Protecting the Bottoms of Trestle Bents

We have a few trestles located on our Silverton Northern Railroad and they tend to be located in wet or sometimes-wet locations. I make my own trestle bents from redwood fencing material. I use a table saw to cut the pieces in ¼” square strips. I use a jig to build the bents. I knew I had to find a way to protect the stability of the trestle bents from water. I did not want to have to cast concrete footings for each bent since there were a great many of them. An idea came to me one day when I was browsing the aisles of Home Depot, specifically in the plumbing section. I saw ¼” copper piping and thought, ‘this just might do the trick.”

Below I describe how I created copper ‘bents’ that slide over the bottom wood bents and are secured. I can attest that these have held up for over 12 years to date including one that sits directly in water.

Step 1: Sanding the bottom of the trestle bent

Using a motor tool with sanding bit I sand down the bottom of the bents so that the copper tubing can snugly slide over them.

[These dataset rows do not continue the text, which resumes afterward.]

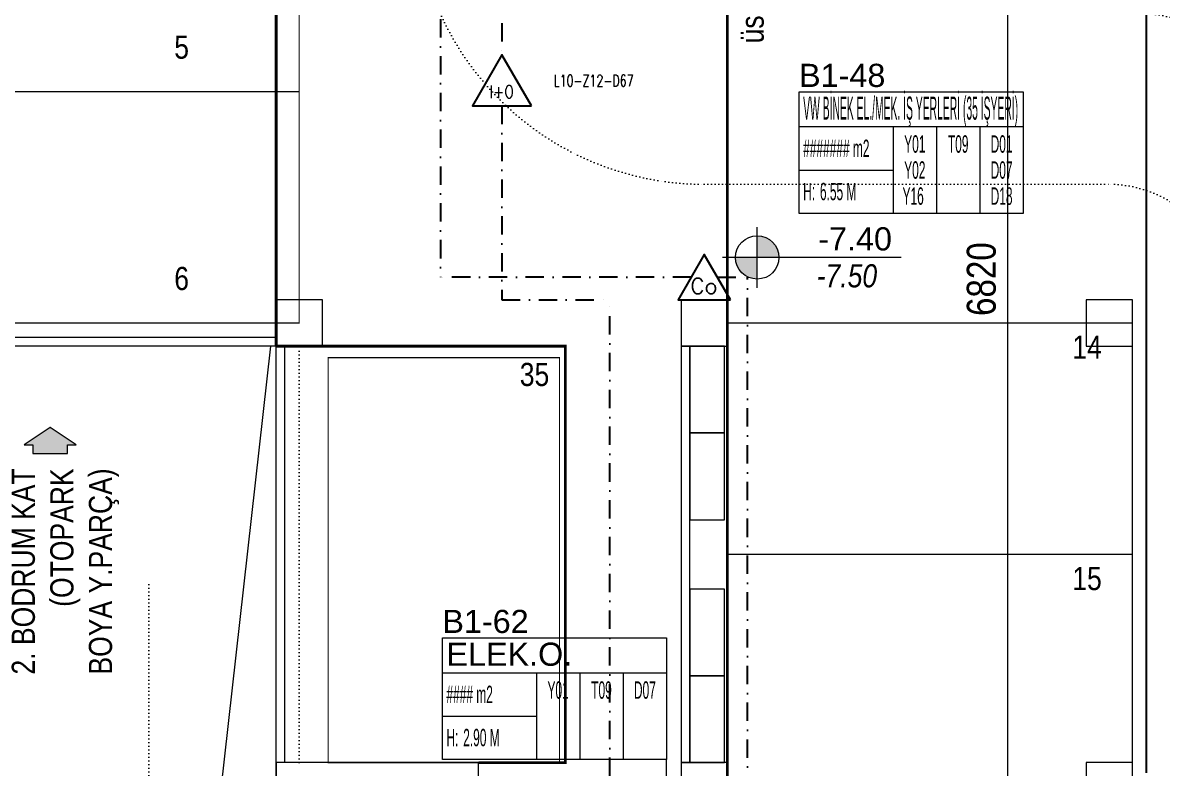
# Model space of a CAD drawing. Header units: metres. Extents: x -19121 to 152404, y -12107 to 29421.
# Drawn here: x 56422 to 58392, y 3270 to 4559 of the extents above; entities that cross this region are included whole.
import ezdxf
from ezdxf.enums import TextEntityAlignment as Align

# ---------------------------------------------------------------- set-up
doc = ezdxf.new("R2010")
doc.units = ezdxf.units.M
doc.header["$LTSCALE"] = 50
doc.header["$MEASUREMENT"] = 0
for name, pattern in [('DASHDOT', [25.4, 12.7, -6.35, 0, -6.35]), ('DOT2', [0.125, 0, -0.125]), ('HIDDEN', [0.375, 0.25, -0.125])]:
    doc.linetypes.add(name, pattern=pattern)
doc.layers.get('0').update_dxf_attribs({"color": 9, "lineweight": 9})
for name, color, linetype, lineweight in [('00', 9, 'Continuous', 9), ('01', 9, 'Continuous', 9), ('05', 9, 'Continuous', 9), ('06D', 9, 'Continuous', 9), ('08E', 8, 'DOT2', 9), ('20', 9, 'DOT2', 9), ('21', 9, 'Continuous', 9), ('21_mahal200', 9, 'Continuous', 9), ('25', 9, 'Continuous', 9), ('E-DEDEKTÖR NUMARALARI', 20, 'Continuous', 30), ('E-KABLO', 7, 'Continuous', 30), ('E-KARBONMONOKSİT DEDEKTÖRÜ', 7, 'Continuous', 30), ('E-KOMBİNE DEDEKTÖR (ISI+OPTİK DUMAN)', 7, 'Continuous', 30)]:
    doc.layers.add(name, color=color, linetype=linetype, lineweight=lineweight)
doc.styles.add('Arial', font='arial.ttf', dxfattribs={"height": 2.5})
doc.styles.add('E-YAZI', font='txttw.shx', dxfattribs={"height": 200})
doc.styles.add('MuuM_TEXT-ITALIC', font='ARIALNI.TTF')
doc.styles.add('MuuM_TEXT-STANDART', font='ARIALN.TTF')
doc.dimstyles.new('MuuM_DIM200', dxfattribs={"dimscale": 20, "dimtxt": 2, "dimasz": 1, "dimexe": 1, "dimexo": 1, "dimgap": 1, "dimtad": 1, "dimdec": 1, "dimrnd": 0.5, "dimdsep": 46, "dimtxsty": 'MuuM_TEXT-STANDART', "dimblk": 'ARCHTICK', "dimcen": 0, "dimdle": 0.15, "dimclrd": 256, "dimclre": 256, "dimclrt": 256, "dimadec": 0, "dimazin": 0, "dimtfac": 5, "dimtdec": 1, "dimtix": 1, "dimtmove": 2, "dimatfit": 3, "dimldrblk": 'DOT', "dimfxl": 3, "dimfxlon": 1, "dimtolj": 1, "dimlwd": -1, "dimlwe": -1, "dimarcsym": 0})

# ---------------------------------------------------------------- blocks, each defined once
blk = doc.blocks.new('100_KOMBİNE DEDEKTÖR (ISI+OPTİK DUMAN) 085')
at = {"layer": 'E-KOMBİNE DEDEKTÖR (ISI+OPTİK DUMAN)', "color": 4}
blk.add_lwpolyline([(2.55, 0), (0, 4.416), (-2.55, 0)], close=True, dxfattribs=at)
at = {"layer": 'E-KOMBİNE DEDEKTÖR (ISI+OPTİK DUMAN)', "color": 3, "style": 'E-YAZI', "width": 0.8}
blk.add_text('I+O', height=1.1016, dxfattribs=at).set_placement((-0.018, 1.224), align=Align.MIDDLE)
blk = doc.blocks.new('100_KARBONMONOKSİT DEDEKTÖRÜ 085')
at = {"layer": 'E-KARBONMONOKSİT DEDEKTÖRÜ', "color": 4}
blk.add_lwpolyline([(2.264, 0), (0, 3.922), (-2.264, 0)], close=True, dxfattribs=at)
at = {"layer": 'E-KARBONMONOKSİT DEDEKTÖRÜ', "color": 3, "style": 'E-YAZI'}
blk.add_text('Co', height=1.36, dxfattribs=at).set_placement((-0.022, 1.201), align=Align.MIDDLE)
blk = doc.blocks.new('p-kolon_80x80')
blk.add_lwpolyline([(-40, -40), (40, -40), (40, 40), (-40, 40)], close=True)
blk = doc.blocks.new('1.bod.mimari.elk')
at = {"layer": '01'}
blk.add_lwpolyline([(860, -5350), (860, -5350), (860, -5950), (900, -5950), (900, -5950), (900, -5950), (900, -5400), (1170, -5400), (1170, -5950), (1170, -5950), (1170, -5950), (1210, -5950), (1210, -5350), (860, -5350), (860, -5350), (860, -5350), (860, -5400)], close=True, dxfattribs=at)
for p in [(900, -4590), (1600, -4590), (2300, -4590), (1600, -5390), (2300, -5390)]:
    blk.add_blockref('p-kolon_80x80', p, dxfattribs=at)
blk = doc.blocks.new('p-işyeri')
at = {"color": 0, "const_width": 2}
blk.add_lwpolyline([(200, 0), (200, 700), (-200, 700), (-200, 0)], close=True, dxfattribs=at)
blk = doc.blocks.new('0_arrow1')
blk.add_hatch(color=254).paths.add_polyline_path([(0, 0), (-22.5, -15), (-15, -15), (-15, -22.5), (15, -22.5), (15, -15), (22.5, -15)])
at = {"linetype": 'ByBlock', "lineweight": -2}
blk.add_lwpolyline([(15, -22.5), (-15, -22.5), (-15, -15), (-22.5, -15), (0, 0), (22.5, -15), (15, -15)], close=True, dxfattribs=at)
blk.add_point((0, 0))
blk = doc.blocks.new('0_elevationtarget-p-bk')
h = blk.add_hatch(color=250)
h.paths.add_polyline_path([(1.875, 0, 0.414214), (0, 1.875), (0, 0)])
h.paths.add_polyline_path([(0, 0), (-1.875, 0, 0.414214), (0, -1.875)])
blk.add_line((0, -2.625), (0, 2.625))
blk.add_lwpolyline([(12.453, 0), (-3, 0)])
blk.add_circle((0, 0), 1.875)
at = {"style": 'Arial'}
blk.add_attdef('BITMISKOT', text='', height=2, dxfattribs=at).set_placement((4.5, 0), align=Align.BOTTOM_LEFT)
at = {"style": 'MuuM_TEXT-ITALIC'}
blk.add_attdef('FINISHINGFLOORLEVEL', text='', height=2, dxfattribs=at).set_placement((4.5, -0.592), align=Align.TOP_LEFT)
blk = doc.blocks.new('_ArchTick')
at = {"color": 0, "linetype": 'ByBlock', "const_width": 0.15}
blk.add_lwpolyline([(-0.5, -0.5), (0.5, 0.5)], dxfattribs=at)
blk = doc.blocks.new('*D452')
at = {"layer": '25', "transparency": 16777216}
for p, q in [((92079.7, 5767), (92003.8, 5767)), ((92023.8, -1056), (92023.8, 5770)), ((92079.7, -1053), (92003.8, -1053))]:
    blk.add_line(p, q, dxfattribs=at)
at = {"layer": '25', "transparency": 16777216, "xscale": 20, "yscale": 20, "zscale": 20}
for p, rotation in [((92023.8, 5767), 90), ((92023.8, -1053), 270)]:
    blk.add_blockref('_ArchTick', p, dxfattribs=dict(at, rotation=rotation))
at = {"layer": '25', "transparency": 16777216, "insert": (91978.3, 2247.9), "char_height": 50, "attachment_point": 5, "rotation": 90, "style": 'MuuM_TEXT-STANDART'}
blk.add_mtext('\\A1;6820', dxfattribs=at)
blk = doc.blocks.new('_Dot')
at = {"color": 0, "linetype": 'ByBlock', "lineweight": -2}
blk.add_line((-0.5, 0), (-1, 0), dxfattribs=at)
at = {"color": 0, "linetype": 'ByBlock', "const_width": 0.5}
blk.add_lwpolyline([(-0.25, 0, 1), (0.25, 0, 1)], format="xyb", close=True, dxfattribs=at)
blk = doc.blocks.new('p-birim')
blk.add_lwpolyline([(0, 0), (1, 0), (1, 1), (0, 1)], close=True)
blk = doc.blocks.new('0_roomno2')
blk.add_lwpolyline([(19.375, -10.5), (0, -10.5), (0, 0), (19.375, 0)], close=True)
for points in [[(0, -3), (19.375, -3)], [(8.125, -3), (8.125, -10.5)], [(11.875, -3), (11.875, -10.5)], [(15.625, -3), (15.625, -10.5)], [(0, -6.75), (8.125, -6.75)]]:
    blk.add_lwpolyline(points)
at = {"style": 'MuuM_TEXT-STANDART', "width": 0.6}
blk.add_text('H:', height=1.5, dxfattribs=at).set_placement((0.35, -8.608), align=Align.MIDDLE_LEFT)
at = {"style": 'Arial'}
blk.add_attdef('ODANO', (0, 1.17), '', height=2, dxfattribs=at)
blk.add_attdef('MEKANADI', text='', height=2, dxfattribs=at).set_placement((0.35, -3), align=Align.BOTTOM_LEFT)
at = {"style": 'MuuM_TEXT-STANDART', "width": 0.6}
for tag, p in [('YER01', (10, -4.5)), ('TAVAN01', (13.75, -4.5)), ('DUVAR01', (17.5, -4.5)), ('YER02', (10, -6.75)), ('TAVAN02', (13.75, -6.75)), ('DUVAR02', (17.5, -6.75)), ('YER03', (10, -9)), ('TAVAN03', (13.75, -9)), ('DUVAR03', (17.5, -9))]:
    blk.add_attdef(tag, text='', height=1.5, dxfattribs=at).set_placement(p, align=Align.MIDDLE_CENTER)
for tag, p in [('M2', (0.35, -4.875)), ('TEMIZTAVANYUKSEKLIGI', (1.8, -8.608))]:
    blk.add_attdef(tag, text='', height=1.5, dxfattribs=at).set_placement(p, align=Align.MIDDLE_LEFT)
blk = doc.blocks.new('1.bod.mimari1.elk')
at = {"layer": '00'}
for points in [[(860, -4615), (40, -4615)], [(860, -4630), (40, -4630)], [(860, -5350), (860, -4630)], [(875, -5350), (875, -4630)]]:
    blk.add_lwpolyline(points, dxfattribs=at)
blk.add_lwpolyline([(1575, -5350), (1575, -4630), (1560, -4630), (1560, -5350)], close=True, dxfattribs=at)
at = {"layer": '06D', "linetype": 'DOT2'}
for points in [[(1100, -1400), (1100, -3850, 0.4142136), (1600, -4350), (2300, -4350)], [(640, -5042.1), (640, -7840, 0.4142136), (840, -8040), (3100, -8040)]]:
    blk.add_lwpolyline(points, format="xyb", dxfattribs=at)
at = {"layer": '06D'}
blk.add_lwpolyline([(51.02, -4630), (491.81, -7830), (851.02, -4630)], dxfattribs=at)
at = {"layer": '06D', "linetype": 'DOT2'}
for radius in [500, 200]:
    blk.add_arc((2300, -4550), radius, 0, 90, dxfattribs=at)
at = {"layer": '08E'}
blk.add_lwpolyline([(900, -5350), (900, -4630)], dxfattribs=at)
at = {"layer": '20', "ltscale": 2, "const_width": 5}
for points in [[(860, -7830), (1640, -7830), (1640, -4630), (1640, -4630), (1640, -3830), (1640, -3830), (1640, -2240), (3740, -2240), (3740, -1723.58)], [(860, -4630), (860, -4630), (860, -2200), (40, -2192.5)], [(860, -4550), (860, -2240)], [(1210, -5350), (1360, -5350), (1360, -4630), (860, -4630)]]:
    blk.add_lwpolyline(points, dxfattribs=at)
at = {"layer": '05', "xscale": 60.00000000000003, "yscale": 150}
for p in [(1575, -4780), (1575, -4930), (1575, -5200), (1575, -5350)]:
    blk.add_blockref('p-birim', p, dxfattribs=at)
at = {"layer": '06D', "color": 89, "linetype": 'HIDDEN', "true_color": 0x2e4d23, "rotation": 90}
for p in [(900, -3990), (900, -4390), (2340, -4790), (2340, -5190)]:
    blk.add_blockref('p-işyeri', p, dxfattribs=at)
at = {"layer": '06D', "color": 89, "linetype": 'HIDDEN', "true_color": 0x2e4d23}
blk.add_blockref('p-işyeri', (1150, -5350), dxfattribs=at)
at = {"layer": '21', "xscale": 20, "yscale": 20, "zscale": 20}
blk.add_blockref('0_elevationtarget-p-bk', (1691.65, -4476.52), dxfattribs=at).add_auto_attribs({'BITMISKOT': ' -7.40', 'FINISHINGFLOORLEVEL': ' -7.50'})
at = {"layer": '21', "xscale": -2, "yscale": 2, "zscale": 2}
blk.add_blockref('0_arrow1', (469.51, -4770.66), dxfattribs=at)
at = {"layer": '21_mahal200'}
ref = blk.add_blockref('0_roomno2', (1764.01, -4190.51), dxfattribs=dict(at, xscale=20, yscale=20, zscale=20))
ref.add_attrib('ODANO', 'B1-48', (1764.01, -4181.87), dxfattribs={"layer": '0', "height": 40, "style": 'Arial'})
ref.add_attrib('MEKANADI', 'VW BİNEK EL./MEK. İŞ YERLERİ (35 İŞYERİ)', dxfattribs={"layer": '0', "height": 40, "style": 'Arial', "width": 0.32}).set_placement((1771.01, -4250.51), align=Align.BOTTOM_LEFT)
ref.add_attrib('M2', '####### m2', dxfattribs={"layer": '0', "height": 30, "style": 'MuuM_TEXT-STANDART', "width": 0.6}).set_placement((1771.01, -4288.01), align=Align.MIDDLE_LEFT)
ref.add_attrib('TEMIZTAVANYUKSEKLIGI', '6.55 M', dxfattribs={"layer": '0', "height": 30, "style": 'MuuM_TEXT-STANDART', "width": 0.6}).set_placement((1800.01, -4362.67), align=Align.MIDDLE_LEFT)
ref.add_attrib('YER01', 'Y01', dxfattribs={"layer": '0', "height": 30, "style": 'MuuM_TEXT-STANDART', "width": 0.6}).set_placement((1964.01, -4280.51), align=Align.MIDDLE_CENTER)
ref.add_attrib('TAVAN01', 'T09', dxfattribs={"layer": '0', "height": 30, "style": 'MuuM_TEXT-STANDART', "width": 0.6}).set_placement((2039.01, -4280.51), align=Align.MIDDLE_CENTER)
ref.add_attrib('DUVAR01', 'D01', dxfattribs={"layer": '0', "height": 30, "style": 'MuuM_TEXT-STANDART', "width": 0.6}).set_placement((2114.01, -4280.51), align=Align.MIDDLE_CENTER)
ref.add_attrib('YER02', 'Y02', dxfattribs={"layer": '0', "height": 30, "style": 'MuuM_TEXT-STANDART', "width": 0.6}).set_placement((1964.01, -4325.51), align=Align.MIDDLE_CENTER)
ref.add_attrib('DUVAR02', 'D07', dxfattribs={"layer": '0', "height": 30, "style": 'MuuM_TEXT-STANDART', "width": 0.6}).set_placement((2114.01, -4325.51), align=Align.MIDDLE_CENTER)
ref.add_attrib('YER03', 'Y16 ', dxfattribs={"layer": '0', "height": 30, "style": 'MuuM_TEXT-STANDART', "width": 0.6}).set_placement((1964.01, -4370.51), align=Align.MIDDLE_CENTER)
ref.add_attrib('DUVAR03', 'D18', dxfattribs={"layer": '0', "height": 30, "style": 'MuuM_TEXT-STANDART', "width": 0.6}).set_placement((2114.01, -4370.51), align=Align.MIDDLE_CENTER)
ref = blk.add_blockref('0_roomno2', (1147.45, -5134.52), dxfattribs=dict(at, xscale=20, yscale=20, zscale=20))
ref.add_attrib('ODANO', 'B1-62', (1147.45, -5125.87), dxfattribs={"layer": '0', "height": 40, "style": 'Arial'})
ref.add_attrib('MEKANADI', 'ELEK.O.', dxfattribs={"layer": '0', "height": 40, "style": 'Arial'}).set_placement((1154.45, -5194.52), align=Align.BOTTOM_LEFT)
ref.add_attrib('M2', '#### m2', dxfattribs={"layer": '0', "height": 30, "style": 'MuuM_TEXT-STANDART', "width": 0.6}).set_placement((1154.45, -5232.02), align=Align.MIDDLE_LEFT)
ref.add_attrib('TEMIZTAVANYUKSEKLIGI', '2.90 M', dxfattribs={"layer": '0', "height": 30, "style": 'MuuM_TEXT-STANDART', "width": 0.6}).set_placement((1183.45, -5306.68), align=Align.MIDDLE_LEFT)
ref.add_attrib('YER01', 'Y01', dxfattribs={"layer": '0', "height": 30, "style": 'MuuM_TEXT-STANDART', "width": 0.6}).set_placement((1347.45, -5224.52), align=Align.MIDDLE_CENTER)
ref.add_attrib('TAVAN01', 'T09', dxfattribs={"layer": '0', "height": 30, "style": 'MuuM_TEXT-STANDART', "width": 0.6}).set_placement((1422.45, -5224.52), align=Align.MIDDLE_CENTER)
ref.add_attrib('DUVAR01', 'D07', dxfattribs={"layer": '0', "height": 30, "style": 'MuuM_TEXT-STANDART', "width": 0.6}).set_placement((1497.45, -5224.52), align=Align.MIDDLE_CENTER)
at = {"layer": '21', "style": 'MuuM_TEXT-STANDART'}
blk.add_text('üst kat hizası', height=40, rotation=90, dxfattribs=at).set_placement((1702.85, -4106.66))
for s, p in [('5', (709.47, -4145)), ('6', (709.47, -4545)), ('14', (2287.18, -4663.71)), ('15', (2287.18, -5063.71))]:
    blk.add_text(s, height=40, dxfattribs=at).set_placement(p, align=Align.BOTTOM_RIGHT)
blk.add_text('35', height=40, dxfattribs=at).set_placement((1281.23, -4710.88), align=Align.BOTTOM_LEFT)
at = {"layer": '21', "insert": (403.05, -4841.33), "char_height": 40, "width": 1672.7261, "attachment_point": 3, "rotation": 90, "style": 'MuuM_TEXT-STANDART'}
blk.add_mtext('2. BODRUM KAT\\P(OTOPARK \\PBOYA Y.PARÇA)', dxfattribs=at)
at = {"layer": '25'}
dim = blk.add_linear_dim(base=(2124.7, -995), p1=(2200.58, -7815), p2=(2200.58, -995), angle=90, dimstyle='MuuM_DIM200', override={"dimtxt": 2.5}, dxfattribs=at)
dim.commit()
dim.dimension.update_dxf_attribs({"geometry": '*D452', "text_midpoint": (2079.17, -4514.08), "dimtype": 128, "insert": (-89899.09, -6762)})
at = {"layer": '21_mahal200'}
blk.add_leader([(1534.95, -5528.59), (1534.95, -5344.52)], dimstyle='MuuM_DIM200', override={"dimasz": 1, "dimfxl": 10}, dxfattribs=at)

msp = doc.modelspace()

# ---------------------------------------------------------------- linework, layer by layer
at = {"layer": 'E-KABLO', "color": 3, "linetype": 'DASHDOT', "ltscale": 0.05}
for p, q in [((57144.13, 5646.34), (57144.13, 4119.17)), ((57577.36, 4119.17), (57144.13, 4119.17)), ((57622.64, 4119.17), (57674.91, 4119.17)), ((57674.91, 2461.66), (57674.91, 4119.17))]:
    msp.add_line(p, q, dxfattribs=at)
at = {"layer": 'E-KABLO', "color": 6, "linetype": 'DASHDOT', "ltscale": 0.05}
for p, q in [((57250.34, 5257.89), (57250.34, 4503.72)), ((57250.34, 4415.39), (57250.34, 4079.95)), ((57250.34, 4079.95), (57436.61, 4079.95)), ((57436.61, 3193.33), (57436.61, 4079.95))]:
    msp.add_line(p, q, dxfattribs=at)
at = {"layer": 'E-KABLO', "color": 5, "linetype": 'Continuous', "ltscale": 0.05}
msp.add_line((58364.4, 3262.37), (58364.4, 4813.41), dxfattribs=at)

# ---------------------------------------------------------------- block references
at = {"layer": '06D'}
for name in ['1.bod.mimari.elk', '1.bod.mimari1.elk']:
    msp.add_blockref(name, (56000, 8630), dxfattribs=at)
at = {"layer": 'E-KARBONMONOKSİT DEDEKTÖRÜ', "color": 4, "xscale": 20, "yscale": 20, "zscale": 20}
msp.add_blockref('100_KARBONMONOKSİT DEDEKTÖRÜ 085', (57600, 4079.95), dxfattribs=at)
at = {"layer": 'E-KOMBİNE DEDEKTÖR (ISI+OPTİK DUMAN)', "xscale": 20, "yscale": 20, "zscale": 20}
msp.add_blockref('100_KOMBİNE DEDEKTÖR (ISI+OPTİK DUMAN) 085', (57250.34, 4415.39), dxfattribs=at)

# ---------------------------------------------------------------- texts
at = {"layer": 'E-DEDEKTÖR NUMARALARI', "style": 'E-YAZI', "width": 0.7}
msp.add_text('L10-Z12-D67', height=20, dxfattribs=at).set_placement((57339.93, 4448.9))

doc.saveas('drawing.dxf')

As I sand I keep test-fitting with a small piece of the copper pipe. I want the pipe to be snug.

Step 2: Measure the copper pipe to fit the bottom of the bent

I slide a piece of copper pipe over the bent up to the sill and mark where I need to cut it. I cut it with a motor tool fitted with a metal cutting wheel. I test fit it on the bent and make adjustments as needed. (Helpful hint: If you happened to cut your bent too short you can cut the length of the copper piping longer to make up the difference.)

Step 3: Drill a hole in the copper pipe to secure it on the bent

Using my motor tool with a drill bit that can drill through metal, I drill a small hole through the copper pipe. I then secure the pipe on the bent with a screw. On some bents I use two screws.

Step 4: Placing the trestle bents

For areas that have dirt underneath, I bury the bottom of the bent down a few inches and then secure it with gravel and rock (and dirt as needed).

Final Note: Still stable after 12 years in water

My oldest trestle bent with copper piping sits directly in water and is still sturdy after 12 years. After time a nice patina appears on them.